Antaeotricha sardania

Scientific classification
- Domain: Eukaryota
- Kingdom: Animalia
- Phylum: Arthropoda
- Class: Insecta
- Order: Lepidoptera
- Family: Depressariidae
- Genus: Antaeotricha
- Species: A. sardania
- Binomial name: Antaeotricha sardania Meyrick, 1925

= Antaeotricha sardania =

- Authority: Meyrick, 1925

Species of moth

Antaeotricha sardania is a moth in the family Depressariidae. It was described by Edward Meyrick in 1925. It is found in Brazil (Para) and Peru.

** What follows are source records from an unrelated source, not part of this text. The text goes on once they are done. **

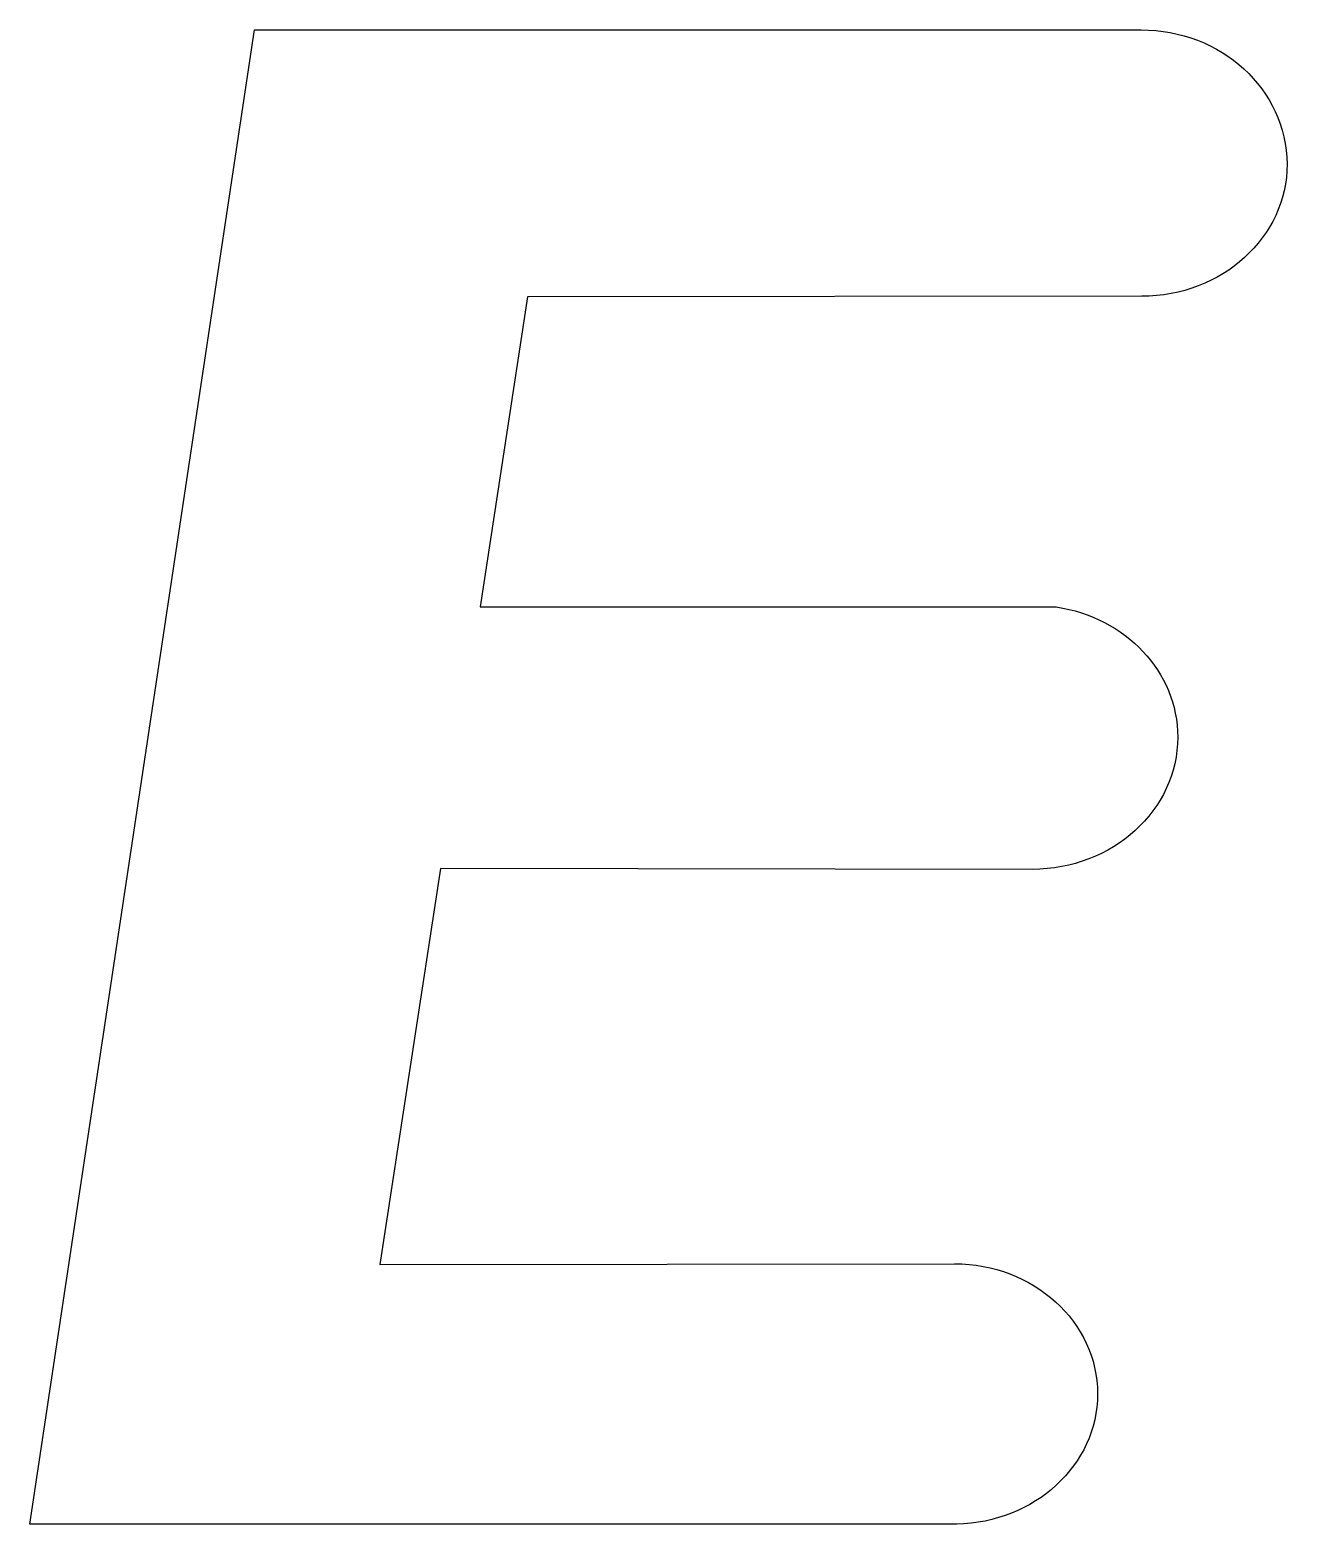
# Model space of a CAD drawing. Header units: millimetres. Extents: x 6 to 261, y -194 to -2.
# Drawn here: x 138.001 to 141.504, y -192.148 to -187.985 of the extents above; entities that cross this region are included whole.
import ezdxf

# ---------------------------------------------------------------- set-up
doc = ezdxf.new("R2010")
doc.units = ezdxf.units.MM
doc.layers.add('BLUETHIRTYONE', color=171, linetype='CONTINUOUS')
doc.layers.add('RED', color=14, linetype='CONTINUOUS')

msp = doc.modelspace()

# ---------------------------------------------------------------- linework, layer by layer
at = {"layer": 'BLUETHIRTYONE', "linetype": 'CONTINUOUS'}
for p, q in [((138.0012, -192.1476), (138.6275, -187.9854)), ((138.6275, -187.9854), (141.0973, -187.9854)), ((141.0973, -187.9854), (141.1181, -187.9859)), ((141.1181, -187.9859), (141.1386, -187.9873)), ((141.1386, -187.9873), (141.1589, -187.9897)), ((141.1589, -187.9897), (141.1788, -187.9929)), ((141.1788, -187.9929), (141.1984, -187.997)), ((141.1984, -187.997), (141.2176, -188.002)), ((141.2176, -188.002), (141.2364, -188.0078)), ((141.2364, -188.0078), (141.2548, -188.0145)), ((141.2548, -188.0145), (141.2728, -188.0219)), ((141.2728, -188.0219), (141.2902, -188.0301)), ((141.2902, -188.0301), (141.3072, -188.039)), ((141.3072, -188.039), (141.3237, -188.0487)), ((141.3237, -188.0487), (141.3396, -188.059)), ((141.3396, -188.059), (141.3549, -188.07)), ((141.3549, -188.07), (141.3697, -188.0817)), ((141.3697, -188.0817), (141.3838, -188.0941)), ((141.3838, -188.0941), (141.3973, -188.107)), ((141.3973, -188.107), (141.4101, -188.1205)), ((141.4101, -188.1205), (141.4222, -188.1346)), ((141.4222, -188.1346), (141.4335, -188.1492)), ((141.4335, -188.1492), (141.4442, -188.1644)), ((141.4442, -188.1644), (141.454, -188.1801)), ((141.454, -188.1801), (141.4631, -188.1962)), ((141.4631, -188.1962), (141.4713, -188.2128)), ((141.4713, -188.2128), (141.4787, -188.2298)), ((141.4787, -188.2298), (141.4852, -188.2473)), ((141.4852, -188.2473), (141.4908, -188.2651)), ((141.4908, -188.2651), (141.4954, -188.2833)), ((141.4954, -188.2833), (141.4992, -188.3018)), ((141.4992, -188.3018), (141.5019, -188.3207)), ((141.5019, -188.3207), (141.5037, -188.3399)), ((141.5038, -188.3782), (141.5023, -188.3969)), ((141.5037, -188.3399), (141.5044, -188.3593)), ((141.5044, -188.3593), (141.5038, -188.3782)), ((141.4997, -188.4153), (141.4961, -188.4334)), ((141.5023, -188.3969), (141.4997, -188.4153)), ((141.4916, -188.4512), (141.4861, -188.4687)), ((141.4961, -188.4334), (141.4916, -188.4512)), ((141.4725, -188.5025), (141.4644, -188.5188)), ((141.4798, -188.4858), (141.4725, -188.5025)), ((141.4861, -188.4687), (141.4798, -188.4858)), ((141.4554, -188.5347), (141.4457, -188.5501)), ((141.4644, -188.5188), (141.4554, -188.5347)), ((141.4238, -188.5795), (141.4118, -188.5934)), ((141.4351, -188.565), (141.4238, -188.5795)), ((141.4457, -188.5501), (141.4351, -188.565)), ((141.3856, -188.6195), (141.3716, -188.6317)), ((141.399, -188.6068), (141.3856, -188.6195)), ((141.4118, -188.5934), (141.399, -188.6068)), ((141.3257, -188.6645), (141.3092, -188.6741)), ((141.3416, -188.6543), (141.3257, -188.6645)), ((141.3569, -188.6433), (141.3416, -188.6543)), ((141.3716, -188.6317), (141.3569, -188.6433)), ((141.2197, -188.7109), (141.2005, -188.7159)), ((141.2385, -188.7051), (141.2197, -188.7109)), ((141.2569, -188.6985), (141.2385, -188.7051)), ((141.2748, -188.6911), (141.2569, -188.6985)), ((141.2923, -188.683), (141.2748, -188.6911)), ((141.3092, -188.6741), (141.2923, -188.683)), ((139.3874, -188.7294), (139.2559, -189.5929)), ((141.0993, -188.7275), (139.3874, -188.7294)), ((141.1202, -188.727), (141.0993, -188.7275)), ((141.1407, -188.7256), (141.1202, -188.727)), ((141.161, -188.7232), (141.1407, -188.7256)), ((141.1809, -188.72), (141.161, -188.7232)), ((141.2005, -188.7159), (141.1809, -188.72)), ((139.2559, -189.5929), (140.8613, -189.5929)), ((140.8613, -189.5929), (140.8792, -189.596)), ((140.8792, -189.596), (140.8968, -189.5997)), ((140.8968, -189.5997), (140.9141, -189.6041)), ((140.9141, -189.6041), (140.931, -189.6092)), ((140.931, -189.6092), (140.9476, -189.615)), ((140.9476, -189.615), (140.9639, -189.6214)), ((140.9639, -189.6214), (140.9798, -189.6284)), ((140.9798, -189.6284), (140.9952, -189.636)), ((140.9952, -189.636), (141.0103, -189.6442)), ((141.0103, -189.6442), (141.0249, -189.6529)), ((141.0249, -189.6529), (141.0391, -189.6623)), ((141.0391, -189.6623), (141.0528, -189.6721)), ((141.0528, -189.6721), (141.066, -189.6825)), ((141.066, -189.6825), (141.0787, -189.6934)), ((141.0787, -189.6934), (141.0908, -189.7047)), ((141.0908, -189.7047), (141.1025, -189.7166)), ((141.1025, -189.7166), (141.1135, -189.7288)), ((141.1135, -189.7288), (141.124, -189.7415)), ((141.124, -189.7415), (141.1339, -189.7547)), ((141.1339, -189.7547), (141.1432, -189.7682)), ((141.1432, -189.7682), (141.1518, -189.7821)), ((141.1518, -189.7821), (141.1598, -189.7964)), ((141.1598, -189.7964), (141.1671, -189.811)), ((141.1671, -189.811), (141.1737, -189.826)), ((141.1737, -189.826), (141.1796, -189.8412)), ((141.1796, -189.8412), (141.1848, -189.8568)), ((141.1848, -189.8568), (141.1892, -189.8726)), ((141.1892, -189.8726), (141.1929, -189.8887)), ((141.1929, -189.8887), (141.1958, -189.9051)), ((141.1958, -189.9051), (141.1979, -189.9217)), ((141.1979, -189.9217), (141.1991, -189.9385)), ((141.1996, -189.9555), (141.199, -189.9744)), ((141.1991, -189.9385), (141.1996, -189.9555)), ((141.1975, -189.9931), (141.1949, -190.0115)), ((141.199, -189.9744), (141.1975, -189.9931)), ((141.1913, -190.0296), (141.1868, -190.0474)), ((141.1949, -190.0115), (141.1913, -190.0296)), ((141.1749, -190.0819), (141.1677, -190.0987)), ((141.1813, -190.0648), (141.1749, -190.0819)), ((141.1868, -190.0474), (141.1813, -190.0648)), ((141.1596, -190.115), (141.1506, -190.1308)), ((141.1677, -190.0987), (141.1596, -190.115)), ((141.1303, -190.1612), (141.119, -190.1756)), ((141.1409, -190.1463), (141.1303, -190.1612)), ((141.1506, -190.1308), (141.1409, -190.1463)), ((141.0942, -190.2029), (141.0808, -190.2157)), ((141.107, -190.1896), (141.0942, -190.2029)), ((141.119, -190.1756), (141.107, -190.1896)), ((141.0367, -190.2504), (141.0209, -190.2607)), ((141.052, -190.2395), (141.0367, -190.2504)), ((141.0667, -190.2279), (141.052, -190.2395)), ((141.0808, -190.2157), (141.0667, -190.2279)), ((140.9521, -190.2947), (140.9337, -190.3013)), ((140.97, -190.2873), (140.9521, -190.2947)), ((140.9875, -190.2792), (140.97, -190.2873)), ((141.0044, -190.2703), (140.9875, -190.2792)), ((141.0209, -190.2607), (141.0044, -190.2703)), ((139.1452, -190.3218), (138.9761, -191.4245)), ((140.7945, -190.3237), (139.1452, -190.3218)), ((140.8154, -190.3232), (140.7945, -190.3237)), ((140.8359, -190.3217), (140.8154, -190.3232)), ((140.8562, -190.3194), (140.8359, -190.3217)), ((140.8761, -190.3162), (140.8562, -190.3194)), ((140.8957, -190.312), (140.8761, -190.3162)), ((140.9149, -190.3071), (140.8957, -190.312)), ((140.9337, -190.3013), (140.9149, -190.3071)), ((138.9761, -191.4245), (140.5774, -191.4226)), ((140.5774, -191.4226), (140.5978, -191.423)), ((140.5978, -191.423), (140.618, -191.4244)), ((140.618, -191.4244), (140.6379, -191.4267)), ((140.6379, -191.4267), (140.6575, -191.4299)), ((140.6575, -191.4299), (140.6767, -191.4339)), ((140.6767, -191.4339), (140.6956, -191.4388)), ((140.6956, -191.4388), (140.7141, -191.4444)), ((140.7141, -191.4444), (140.7322, -191.4509)), ((140.7322, -191.4509), (140.7498, -191.4581)), ((140.7498, -191.4581), (140.767, -191.4661)), ((140.767, -191.4661), (140.7837, -191.4748)), ((140.7837, -191.4748), (140.7999, -191.4842)), ((140.7999, -191.4842), (140.8156, -191.4943)), ((140.8156, -191.4943), (140.8306, -191.505)), ((140.8306, -191.505), (140.8451, -191.5164)), ((140.8451, -191.5164), (140.859, -191.5284)), ((140.859, -191.5284), (140.8722, -191.5409)), ((140.8722, -191.5409), (140.8848, -191.5541)), ((140.8848, -191.5541), (140.8967, -191.5678)), ((140.8967, -191.5678), (140.9078, -191.582)), ((140.9078, -191.582), (140.9182, -191.5967)), ((140.9182, -191.5967), (140.9278, -191.6118)), ((140.9278, -191.6118), (140.9367, -191.6275)), ((140.9367, -191.6275), (140.9447, -191.6435)), ((140.9447, -191.6435), (140.9519, -191.66)), ((140.9519, -191.66), (140.9582, -191.6769)), ((140.9582, -191.6769), (140.9636, -191.6941)), ((140.9636, -191.6941), (140.968, -191.7117)), ((140.968, -191.7117), (140.9716, -191.7296)), ((140.9716, -191.7296), (140.9741, -191.7478)), ((140.9741, -191.7478), (140.9756, -191.7663)), ((140.9756, -191.7663), (140.9762, -191.7851)), ((140.9762, -191.7851), (140.9757, -191.8035)), ((140.9741, -191.8216), (140.9717, -191.8395)), ((140.9757, -191.8035), (140.9741, -191.8216)), ((140.9638, -191.8745), (140.9586, -191.8915)), ((140.9682, -191.8572), (140.9638, -191.8745)), ((140.9717, -191.8395), (140.9682, -191.8572)), ((140.9524, -191.9081), (140.9454, -191.9244)), ((140.9586, -191.8915), (140.9524, -191.9081)), ((140.9289, -191.9558), (140.9194, -191.9709)), ((140.9375, -191.9403), (140.9289, -191.9558)), ((140.9454, -191.9244), (140.9375, -191.9403)), ((140.8983, -191.9996), (140.8867, -192.0133)), ((140.9092, -191.9855), (140.8983, -191.9996)), ((140.9194, -191.9709), (140.9092, -191.9855)), ((140.8613, -192.0389), (140.8477, -192.0509)), ((140.8743, -192.0264), (140.8613, -192.0389)), ((140.8867, -192.0133), (140.8743, -192.0264)), ((140.8033, -192.0832), (140.7874, -192.0927)), ((140.8187, -192.0731), (140.8033, -192.0832)), ((140.8335, -192.0623), (140.8187, -192.0731)), ((140.8477, -192.0509), (140.8335, -192.0623)), ((140.7188, -192.1237), (140.7005, -192.1296)), ((140.7366, -192.1171), (140.7188, -192.1237)), ((140.754, -192.1097), (140.7366, -192.1171)), ((140.7709, -192.1016), (140.754, -192.1097)), ((140.7874, -192.0927), (140.7709, -192.1016)), ((140.5837, -192.1476), (138.0012, -192.1476)), ((140.6039, -192.1468), (140.5837, -192.1476)), ((140.6239, -192.145), (140.6039, -192.1468)), ((140.6435, -192.1424), (140.6239, -192.145)), ((140.6629, -192.139), (140.6435, -192.1424)), ((140.6819, -192.1347), (140.6629, -192.139)), ((140.7005, -192.1296), (140.6819, -192.1347))]:
    msp.add_line(p, q, dxfattribs=at)
at = {"layer": 'RED', "linetype": 'CONTINUOUS'}
for p, q in [((138.0012, -192.1476), (138.6275, -187.9854)), ((138.6275, -187.9854), (141.0973, -187.9854)), ((141.0973, -187.9854), (141.1181, -187.9859)), ((141.1181, -187.9859), (141.1386, -187.9873)), ((141.1386, -187.9873), (141.1589, -187.9897)), ((141.1589, -187.9897), (141.1788, -187.9929)), ((141.1788, -187.9929), (141.1984, -187.997)), ((141.1984, -187.997), (141.2176, -188.002)), ((141.2176, -188.002), (141.2364, -188.0078)), ((141.2364, -188.0078), (141.2548, -188.0145)), ((141.2548, -188.0145), (141.2728, -188.0219)), ((141.2728, -188.0219), (141.2902, -188.0301)), ((141.2902, -188.0301), (141.3072, -188.039)), ((141.3072, -188.039), (141.3237, -188.0487)), ((141.3237, -188.0487), (141.3396, -188.059)), ((141.3396, -188.059), (141.3549, -188.07)), ((141.3549, -188.07), (141.3697, -188.0817)), ((141.3697, -188.0817), (141.3838, -188.0941)), ((141.3838, -188.0941), (141.3973, -188.107)), ((141.3973, -188.107), (141.4101, -188.1205)), ((141.4101, -188.1205), (141.4222, -188.1346)), ((141.4222, -188.1346), (141.4335, -188.1492)), ((141.4335, -188.1492), (141.4442, -188.1644)), ((141.4442, -188.1644), (141.454, -188.1801)), ((141.454, -188.1801), (141.4631, -188.1962)), ((141.4631, -188.1962), (141.4713, -188.2128)), ((141.4713, -188.2128), (141.4787, -188.2298)), ((141.4787, -188.2298), (141.4852, -188.2473)), ((141.4852, -188.2473), (141.4908, -188.2651)), ((141.4908, -188.2651), (141.4954, -188.2833)), ((141.4954, -188.2833), (141.4992, -188.3018)), ((141.4992, -188.3018), (141.5019, -188.3207)), ((141.5019, -188.3207), (141.5037, -188.3399)), ((141.5038, -188.3782), (141.5023, -188.3969)), ((141.5037, -188.3399), (141.5044, -188.3593)), ((141.5044, -188.3593), (141.5038, -188.3782)), ((141.4997, -188.4153), (141.4961, -188.4334)), ((141.5023, -188.3969), (141.4997, -188.4153)), ((141.4916, -188.4512), (141.4861, -188.4687)), ((141.4961, -188.4334), (141.4916, -188.4512)), ((141.4725, -188.5025), (141.4644, -188.5188)), ((141.4798, -188.4858), (141.4725, -188.5025)), ((141.4861, -188.4687), (141.4798, -188.4858)), ((141.4554, -188.5347), (141.4457, -188.5501)), ((141.4644, -188.5188), (141.4554, -188.5347)), ((141.4238, -188.5795), (141.4118, -188.5934)), ((141.4351, -188.565), (141.4238, -188.5795)), ((141.4457, -188.5501), (141.4351, -188.565)), ((141.3856, -188.6195), (141.3716, -188.6317)), ((141.399, -188.6068), (141.3856, -188.6195)), ((141.4118, -188.5934), (141.399, -188.6068)), ((141.3257, -188.6645), (141.3092, -188.6741)), ((141.3416, -188.6543), (141.3257, -188.6645)), ((141.3569, -188.6433), (141.3416, -188.6543)), ((141.3716, -188.6317), (141.3569, -188.6433)), ((141.2197, -188.7109), (141.2005, -188.7159)), ((141.2385, -188.7051), (141.2197, -188.7109)), ((141.2569, -188.6985), (141.2385, -188.7051)), ((141.2748, -188.6911), (141.2569, -188.6985)), ((141.2923, -188.683), (141.2748, -188.6911)), ((141.3092, -188.6741), (141.2923, -188.683)), ((139.3874, -188.7294), (139.2559, -189.5929)), ((141.0993, -188.7275), (139.3874, -188.7294)), ((141.1202, -188.727), (141.0993, -188.7275)), ((141.1407, -188.7256), (141.1202, -188.727)), ((141.161, -188.7232), (141.1407, -188.7256)), ((141.1809, -188.72), (141.161, -188.7232)), ((141.2005, -188.7159), (141.1809, -188.72)), ((139.2559, -189.5929), (140.8613, -189.5929)), ((140.8613, -189.5929), (140.8792, -189.596)), ((140.8792, -189.596), (140.8968, -189.5997)), ((140.8968, -189.5997), (140.9141, -189.6041)), ((140.9141, -189.6041), (140.931, -189.6092)), ((140.931, -189.6092), (140.9476, -189.615)), ((140.9476, -189.615), (140.9639, -189.6214)), ((140.9639, -189.6214), (140.9798, -189.6284)), ((140.9798, -189.6284), (140.9952, -189.636)), ((140.9952, -189.636), (141.0103, -189.6442)), ((141.0103, -189.6442), (141.0249, -189.6529)), ((141.0249, -189.6529), (141.0391, -189.6623)), ((141.0391, -189.6623), (141.0528, -189.6721)), ((141.0528, -189.6721), (141.066, -189.6825)), ((141.066, -189.6825), (141.0787, -189.6934)), ((141.0787, -189.6934), (141.0908, -189.7047)), ((141.0908, -189.7047), (141.1025, -189.7166)), ((141.1025, -189.7166), (141.1135, -189.7288)), ((141.1135, -189.7288), (141.124, -189.7415)), ((141.124, -189.7415), (141.1339, -189.7547)), ((141.1339, -189.7547), (141.1432, -189.7682)), ((141.1432, -189.7682), (141.1518, -189.7821)), ((141.1518, -189.7821), (141.1598, -189.7964)), ((141.1598, -189.7964), (141.1671, -189.811)), ((141.1671, -189.811), (141.1737, -189.826)), ((141.1737, -189.826), (141.1796, -189.8412)), ((141.1796, -189.8412), (141.1848, -189.8568)), ((141.1848, -189.8568), (141.1892, -189.8726)), ((141.1892, -189.8726), (141.1929, -189.8887)), ((141.1929, -189.8887), (141.1958, -189.9051)), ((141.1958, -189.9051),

The wingspan is 14–15 mm. The forewings have an irregular grey longitudinal suffusion extending from the base through the disc and gradually expanding to three-fourths, sometimes extending nearly to the costa, with variable transverse bars, spots, or clouds of dark fuscous suffusion, beyond the middle connected with the dorsum by a more or less developed patch of similar mottling, and with an oblique streak from near the posterior extremity to the costa beyond the middle. There is a dark ferruginous fascia narrowed downwards around the apex and upper two-thirds of the termen, edged anteriorly by a sinuate white line and then by a streak of grey suffusion. The hindwings are grey with the costa rather dilated on the anterior two-thirds, with a fringe of white projecting scales and a stronger white median tuft, as well as an ochreous-whitish expansible hairpencil lying in a yellowish subcostal groove from the base to two-thirds.